Eine Wirkung, die wohl auch der Schondorfer Künstler Andreas Kloker sieht, denn er hat schon vor drei Jahren eine Box-in-Box-Lösung für das Gebäude entwickelt. Lange schien die Zeit allerdings nicht reif, um diesen Vorschlag im Gemeinderat vorzustellen. Das liegt an der Vorgeschichte: Der Güterschuppen sollte nach dem mehrheitlichen Wunsch eines Bürgerentscheids vor acht Jahren eigentlich abgerissen werden. Nur stellte sich im Nachgang heraus, dass die Gründe für die Beseitigung nicht stichhaltig waren, worauf das Denkmalamt die Zustimmung versagte. Trotzdem hielt eine knappe Mehrheit im Gemeinderat am Bürgervotum fest und weigerte sich, für den Bahnschuppen andere Optionen als die Abrissbirne oder schleichenden Verfall zuzulassen. Nun aber finde ein Umdenken statt, bemerkt Bürgermeister Herrmann. Auch die Bausubstanz des Gebäudes sei immer noch gut, wie die Architekten bei ihrer Machbarkeitsstudie herausgefunden hätten.

Andreas Kloker, der in den Siebzigerjahren wohl einer der letzten Kunden des seinerzeitigen Lagerhauses war, als er sich fünfzehn Tonnen Tonmehl per Güterwaggon aus dem Westerwald liefern ließ, setzt mit seinem Vorschlag auf eine dörfliche und kostengünstige Variante.

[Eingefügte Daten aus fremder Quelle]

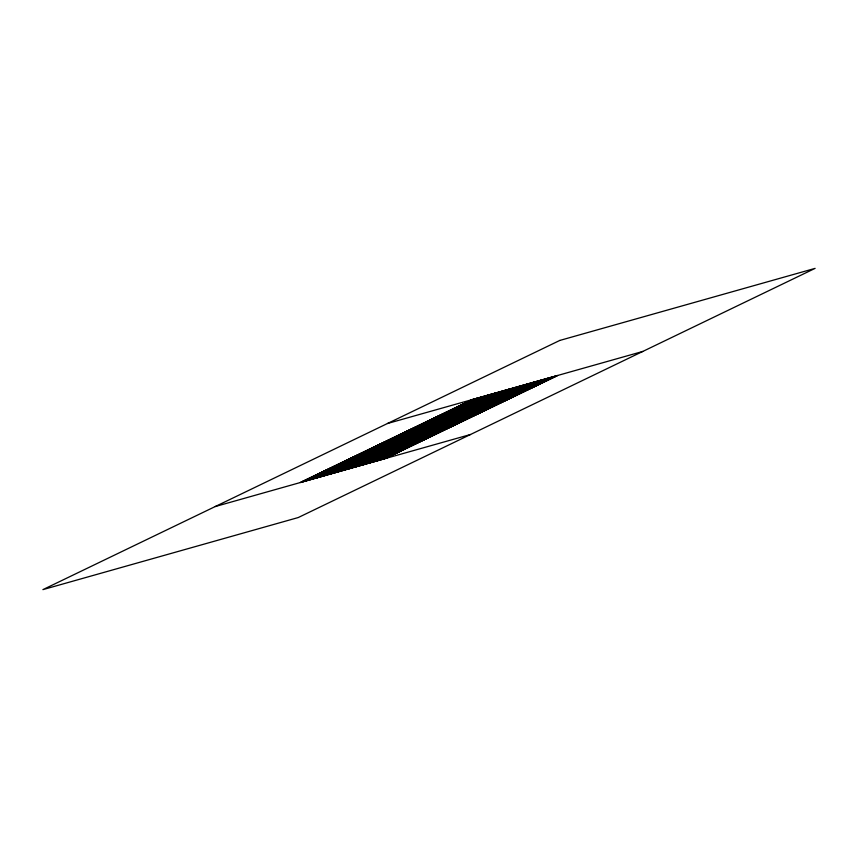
<?xml version="1.0" encoding="UTF-8"?>
<svg xmlns="http://www.w3.org/2000/svg" width="858" height="858" viewBox="0 0 858 858"><rect width="100%" height="100%" fill="white"/><g stroke="black" fill="none" stroke-linecap="round" stroke-linejoin="round"><path stroke-width="1.29" d="M300.3 482.539L472.586 399.485M300.965 482.357L473.251 399.292M301.63 482.164L474.581 398.916M302.96 481.788L475.246 398.734M303.625 481.606L476.576 398.359M304.955 481.231L477.241 398.166M305.62 481.038L478.571 397.79M306.95 480.662L479.236 397.608M307.614 480.48L480.566 397.233M308.944 480.105L481.231 397.039M309.609 479.912L482.561 396.664M310.939 479.536L483.226 396.482M311.604 479.354L484.555 396.106M312.934 478.979L485.22 395.913M313.599 478.785L486.55 395.538M314.929 478.41L487.215 395.356M315.594 478.228L488.545 394.98M316.924 477.852L489.21 394.787M317.589 477.659L490.54 394.412M318.919 477.284L491.205 394.23M319.584 477.102L492.535 393.854M320.913 476.726L493.2 393.661M321.578 476.533L494.53 393.286M322.908 476.158L495.195 393.103M323.573 475.976L496.525 392.728M324.903 475.6L497.19 392.535M325.568 475.407L498.519 392.16M326.898 475.032L499.184 391.977M327.563 474.849L500.514 391.602M328.893 474.474L501.179 391.409M329.558 474.281L502.509 391.034M330.888 473.906L503.174 390.851M331.553 473.723L504.504 390.476M332.883 473.348L505.169 390.283M333.548 473.155L506.499 389.907M334.877 472.779L507.164 389.725M335.542 472.597L508.494 389.35M336.872 472.222L509.159 389.157M337.537 472.029L510.489 388.781M338.867 471.653L511.154 388.599M339.532 471.471L512.483 388.224M340.862 471.096L513.148 388.031M341.527 470.903L514.478 387.655M342.857 470.527L515.143 387.473M343.522 470.345L516.473 387.097M344.852 469.969L517.138 386.904M345.517 469.776L518.468 386.529M346.846 469.401L519.133 386.347M347.511 469.219L520.463 385.971M348.841 468.843L521.128 385.778M349.506 468.65L521.793 385.596M350.171 468.468L523.123 385.221M351.501 468.093L523.788 385.027M352.166 467.9L525.117 384.652M353.496 467.524L525.782 384.47M354.161 467.342L527.112 384.094M355.491 466.966L527.777 383.901M356.156 466.773L529.107 383.526M357.486 466.398L529.772 383.344M358.151 466.216L531.102 382.968M359.481 465.84L531.767 382.775M360.146 465.647L533.097 382.4M361.475 465.272L533.762 382.218M362.14 465.09L535.092 381.842M363.47 464.714L535.757 381.649M364.135 464.521L537.087 381.274M365.465 464.146L537.751 381.091M366.13 463.964L539.081 380.716M367.46 463.588L539.746 380.523M368.125 463.395L541.076 380.148M369.455 463.02L541.741 379.965M370.12 462.837L543.071 379.59M371.45 462.462L543.736 379.397M372.115 462.269L545.066 379.022M373.445 461.894L545.731 378.839M374.109 461.711L547.061 378.464M375.439 461.336L547.726 378.271M376.104 461.143L549.056 377.895M377.434 460.767L549.721 377.713M378.099 460.585L551.05 377.338M379.429 460.21L551.715 377.145M380.094 460.017L553.045 376.769M381.424 459.641L553.71 376.587M382.089 459.459L555.04 376.212M383.419 459.084L555.705 376.019M384.084 458.891L557.035 375.643M385.414 458.515L557.7 375.461M387.473 423.509L642.814 351.437M471.246 400.128L556.349 376.104M469.894 400.783L555.008 376.759M468.554 401.426L553.657 377.402M467.202 402.08L552.316 378.056M465.862 402.724L550.965 378.7M464.51 403.378L549.624 379.354M463.17 404.021L548.273 379.997M461.819 404.676L546.932 380.652M460.478 405.319L545.581 381.295M459.127 405.973L544.24 381.949M457.786 406.617L542.889 382.593M456.435 407.271L541.548 383.247M455.094 407.915L540.197 383.891M453.743 408.569L538.856 384.545M452.402 409.212L537.505 385.188M451.051 409.867L536.164 385.843M449.71 410.51L534.813 386.486M448.359 411.164L533.472 387.14M447.018 411.808L532.121 387.784M445.667 412.462L530.78 388.438M444.326 413.116L529.429 389.082M442.975 413.76L528.088 389.736M441.634 414.414L526.737 390.379M440.283 415.058L525.396 391.034M438.942 415.712L524.045 391.677M437.591 416.355L522.704 392.331M436.25 417.009L521.353 392.975M434.899 417.653L520.012 393.629M433.558 418.307L518.661 394.272M432.207 418.951L517.32 394.927M430.866 419.605L515.969 395.57M429.515 420.248L514.628 396.224M428.174 420.903L513.277 396.868M426.823 421.546L511.936 397.522M425.482 422.2L510.585 398.166M424.131 422.844L509.244 398.82M422.79 423.498L507.893 399.463M421.439 424.142L506.552 400.118M420.098 424.796L505.201 400.761M418.747 425.439L503.861 401.415M417.406 426.094L502.509 402.059M416.055 426.737L501.169 402.713M414.714 427.391L499.817 403.357M413.363 428.035L498.477 404.011M412.022 428.689L497.125 404.654M410.671 429.332L495.785 405.308M409.33 429.987L494.433 405.952M407.979 430.63L493.093 406.606M406.638 431.284L491.741 407.25M405.287 431.928L490.401 407.904M403.946 432.582L489.049 408.547M402.595 433.226L487.709 409.202M401.254 433.88L486.357 409.845M399.903 434.523L485.017 410.499M398.562 435.178L483.665 411.143M397.211 435.821L482.325 411.797M395.87 436.475L480.973 412.441M394.519 437.119L479.633 413.095M393.179 437.773L478.281 413.738M391.827 438.417L476.941 414.393M390.487 439.071L475.589 415.036M389.135 439.714L474.249 415.69M387.795 440.369L472.897 416.334M386.443 441.012L471.557 416.988M385.103 441.666L470.205 417.631M383.751 442.31L468.865 418.286M382.411 442.964L467.513 418.929M381.059 443.607L466.173 419.583M379.719 444.262L464.821 420.227M378.367 444.905L463.481 420.881M377.027 445.559L462.13 421.525M375.675 446.203L460.789 422.179M374.335 446.857L459.438 422.822M372.983 447.501L458.097 423.477M371.643 448.155L456.746 424.12M370.291 448.798L455.405 424.774M368.951 449.453L454.054 425.418M367.599 450.096L452.713 426.072M366.259 450.75L451.362 426.716M364.907 451.394L450.021 427.37M363.567 452.048L448.67 428.013M362.215 452.692L447.329 428.668M360.875 453.346L445.978 429.311M359.523 453.989L444.637 429.965M358.183 454.643L443.286 430.609M356.831 455.287L441.945 431.263M355.491 455.941L440.594 431.906M354.139 456.585L439.253 432.561M352.799 457.239L437.902 433.204M351.448 457.882L436.561 433.858M350.107 458.537L435.21 434.502M348.756 459.18L433.869 435.156M347.415 459.834L432.518 435.8M346.064 460.478L431.177 436.454M344.723 461.132L429.826 437.097M343.372 461.776L428.485 437.752M342.031 462.43L427.134 438.395M340.68 463.073L425.793 439.049M339.339 463.728L424.442 439.693M337.988 464.371L423.101 440.347M336.647 465.025L421.75 440.991M335.296 465.669L420.409 441.645M333.955 466.323L419.058 442.288M332.604 466.966L417.717 442.942M331.263 467.621L416.366 443.586M329.912 468.264L415.025 444.24M328.571 468.918L413.674 444.884M327.22 469.562L412.333 445.538M325.879 470.216L410.982 446.192M324.528 470.86L409.641 446.836M323.187 471.514L408.29 447.49M321.836 472.157L406.949 448.133M320.495 472.812L405.598 448.788M319.144 473.455L404.257 449.431M317.803 474.109L402.906 450.085M316.452 474.753L401.565 450.729M315.111 475.407L400.214 451.383M313.76 476.051L398.873 452.027M312.419 476.705L397.522 452.681M311.068 477.348L396.181 453.324M309.727 478.003L394.83 453.979M308.376 478.646L393.49 454.622M307.035 479.3L392.138 455.276M305.684 479.944L390.798 455.92M304.343 480.598L389.446 456.574M302.992 481.241L388.106 457.217M301.651 481.896L386.754 457.872M215.186 506.563L470.527 434.491M559.759 340.454L42.9 589.628L298.241 517.546L815.1 268.372L559.759 340.454"/></g></svg>

Sie würde seiner Meinung nach auch weiteren Umgestaltungen des Platzes nicht im Wege stehen. Ihm ist es wichtig, das Gebäude in seiner jetzigen Form zu erhalten. Der Keller sei trocken und könne als Lagerraum über die ganze Fläche von knapp sechzig Quadratmetern genutzt werden. Daher geht es in seinen Skizzen weiterhin über die Betonrampe auf der einen und über eine wieder zu bauende Holzrampe auf der anderen Seite hinauf zu den beiden Toren. Ergänzend soll auf der Westseite des Gebäudes ein Hebelift angebracht werden. Kloker hat zusammen mit dem Zimmermann David Bensmann eine Box-in-Box-Lösung erarbeitet, bei der ein Holzkubus im Gebäude errichtet wird. Die beiden Holztore werden aufgeschoben und die filigranen Stahl-Glas-Türelemente lassen viel Licht in den Raum. Der als Umgang entstehenden Raum um die Holzbox könnte für Ausstellungen genutzt werden. Mit einem Anstrich in einer kräftigen Farbe könnte so "ein originelles Schmuckstück für die Ortsmitte" geschaffen werden, meint Kloker. Er wünsche sich, aus der Renovierung ein gemeinschaftsförderndes Projekt zu machen, da nicht alles von Fachleuten erledigt werden müsse. In seinem Konzept sind auch neue Fahrradständer Richtung Norden auf der grünen Wiese zwischen Parkplätzen und Gleisen vorgesehen, sie sollen in Hinblick auf das Bahnhofsensemble mit einem gebogenen Wellblechdach versehen werden.

Für die Baumaßnahmen am Güterschuppen kann eine Förderung von achtzig Prozent der abrechenbaren Kosten bei der Städtebauförderung beantragt werden, sagt Herrmann. Deshalb sehe er hier auch eine Chance, im Sinne der Ortsentwicklung größer und langfristiger zu denken.